ランサムウェア対策バックアップは、データをクラウドにアップロードする前に、サーバーメモリとディスクにキャッシュします。多数のファイルや非常に大きなファイルのバックアップ、または異常なクライアント動作により、リソース使用量が高くなり、アラートがトリガーされたり、バックアップが失敗したりする可能性があります。
このトピックでは、ディスク容量不足と高いメモリ使用量 (OOM) の2つのシナリオについて説明します。各シナリオについて、原因と利用可能なソリューションを解説します。
ランサムウェア対策機能と Cloud Backup は同じクライアントを共有しています。ランサムウェア対策クライアントへの構成変更は、Cloud Backup にも適用されます。設定を調整する前に、Cloud Backup への影響を評価してください。
事前準備
まず、以下の項目を確認してください。これらのいずれかにより、それ以上のトラブルシューティングなしで問題が解決する場合があります。
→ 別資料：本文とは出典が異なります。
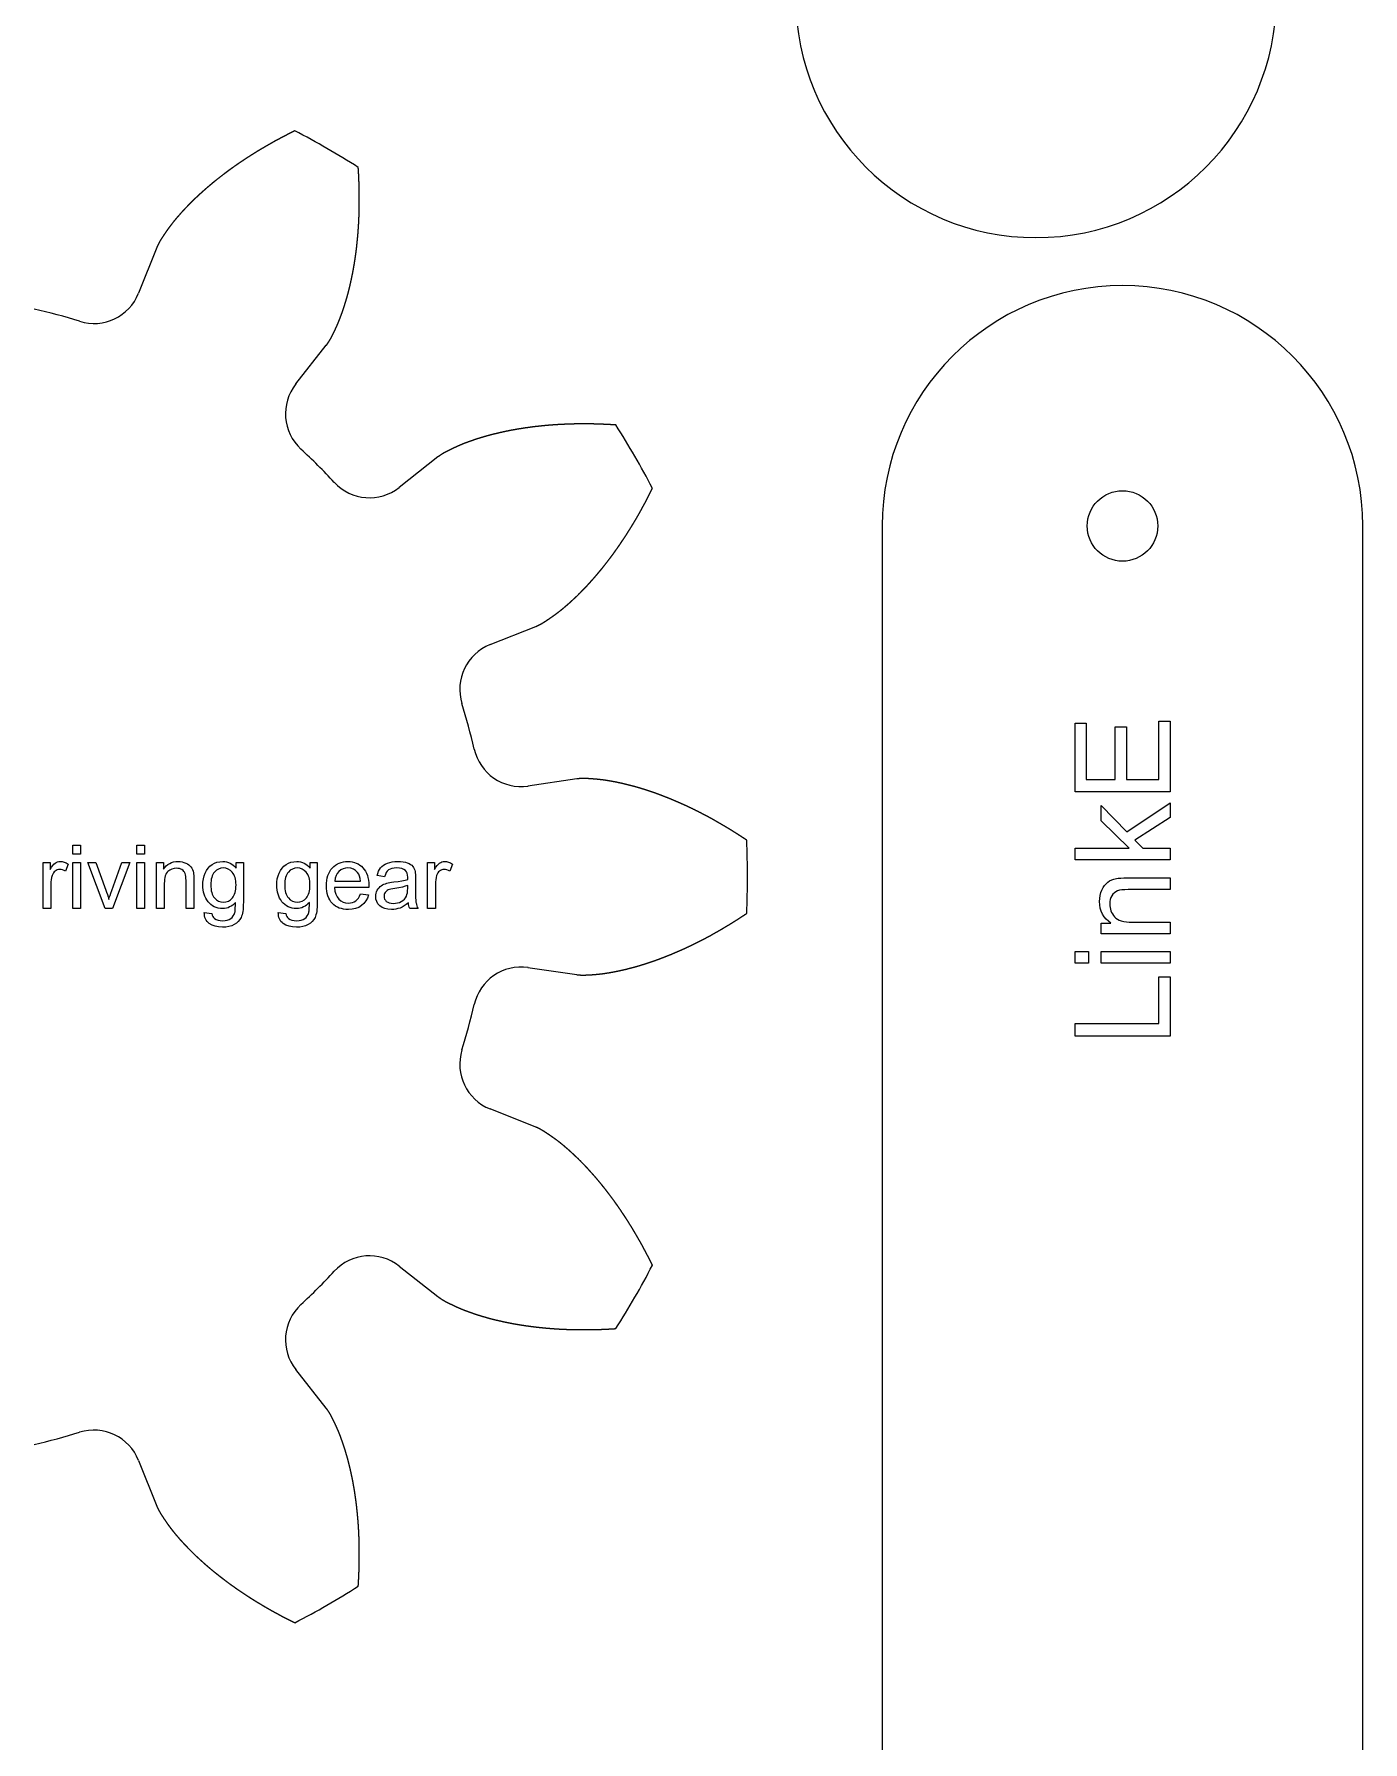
# Model space of a CAD drawing. Header units: millimetres. Extents: x 18 to 1169, y 18 to 1181.
# Drawn here: x 1002.9 to 1168.8, y 231 to 444.2 of the extents above; entities that cross this region are included whole.
import ezdxf

# ---------------------------------------------------------------- set-up
doc = ezdxf.new("R2010")
doc.units = ezdxf.units.MM
doc.layers.add('cut', color=5, linetype='Continuous', true_color=0x0000ff)
doc.layers.add('line engraving', color=1, linetype='Continuous', true_color=0xff0000)

msp = doc.modelspace()

# ---------------------------------------------------------------- linework, layer by layer
at = {"layer": 'cut', "color": 5, "true_color": 0x0000ff}
for p, q in [((1018.26, 417.58), (1015.99, 411.86)), ((1035.61, 400.53), (1039.42, 405.36)), ((1053.36, 391.42), (1048.53, 387.61)), ((1059.86, 367.99), (1065.58, 370.26)), ((1070.69, 351.22), (1064.59, 350.33)), ((1064.59, 327.67), (1070.69, 326.78)), ((1065.58, 307.74), (1059.86, 310.01)), ((1048.53, 290.39), (1053.36, 286.58)), ((1039.42, 272.64), (1035.61, 277.47)), ((1015.99, 266.14), (1018.26, 260.42))]:
    msp.add_line(p, q, dxfattribs=at)
for points in [[(1098, 783.6), (1098, 448.8, 1), (1158, 448.8), (1158, 783.6, 1)], [(1108.81, 382.8), (1108.81, 48, 1), (1168.81, 48), (1168.81, 382.8, 1)]]:
    msp.add_lwpolyline(points, format="xyb", close=True, dxfattribs=at)
msp.add_circle((1138.81, 382.8), 4.4, dxfattribs=at)
for centre, radius, start, end in [((987, 339), 105, 57.5067, 62.4933), ((1010.41, 414.08), 6, -107.3183, -21.6938), ((987, 339), 72.64, 72.6817, 77.3183), ((1040.32, 396.81), 6, 141.6938, -132.6817), ((987, 339), 105, 27.5067, 32.4933), ((987, 339), 72.64, 42.6817, 47.3183), ((1044.81, 392.32), 6, -137.3183, -51.6938), ((1062.08, 362.41), 6, 111.6938, -162.6817), ((987, 339), 72.64, 12.6817, 17.3183), ((1063.73, 356.27), 6, -167.3183, -81.6938), ((987, 339), 105, -2.4933, 2.4933), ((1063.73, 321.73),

最新のランサムウェア対策クライアントにアップグレードします。最新バージョンでは、高いメモリ使用量の一般的な原因であるマウントされたディレクトリが自動的に除外されます。
保護されたディレクトリに OSS や NAS などのネットワークマウントされたパスが含まれているかどうかを確認します。含まれている場合は、それらを削除します。詳細については、「ネットワークマウントされたパスの除外」をご参照ください。
バックアップネットワーク帯域幅制限が設定されているかどうかを確認します。制限がない場合、スループットは無制限となり、メモリとディスクの使用量が増加します。
サーバーに十分な空きディスク容量があることを確認します。バックアップキャッシュには、常に少なくとも
file_cache_disk_free_space_hint(デフォルト:1 GB) の空き容量が必要です。
ディスク容量不足
症状と原因
バックアップキャッシュディレクトリが大量のディスク容量を消費し、アラートをトリガーしたり、バックアップの失敗を引き起こしたりします。
通常の状況では、キャッシュは一時的なものです。バックアップデータがクラウドにアップロードされると、ローカルキャッシュは自動的に削除されます。過剰な使用量は、次の場合に発生します。
バックアップセットに非常に多数のファイル、または非常に大きな個々のファイルが含まれている場合。
クライアントが異常に動作し、キャッシュデータがクリーンアップされない場合。
バックアップキャッシュ設定の変更
キャッシュの場所を変更し、hbr.config ファイルでキャッシュパラメーターを設定します。
前提条件
サーバーへの管理者アクセス。
ランサムウェア対策クライアントのインストールディレクトリ。詳細については、「クライアントのインストールディレクトリの表示」をご参照ください。
操作手順
クライアント自己保護が有効になっている場合は、まず無効にします。
にログインします。
左側のナビゲーションウィンドウで、[資産] > [ホスト] を選択します。左上隅で、資産が配置されているリージョンを選択します:[中国本土] または [中国本土以外]。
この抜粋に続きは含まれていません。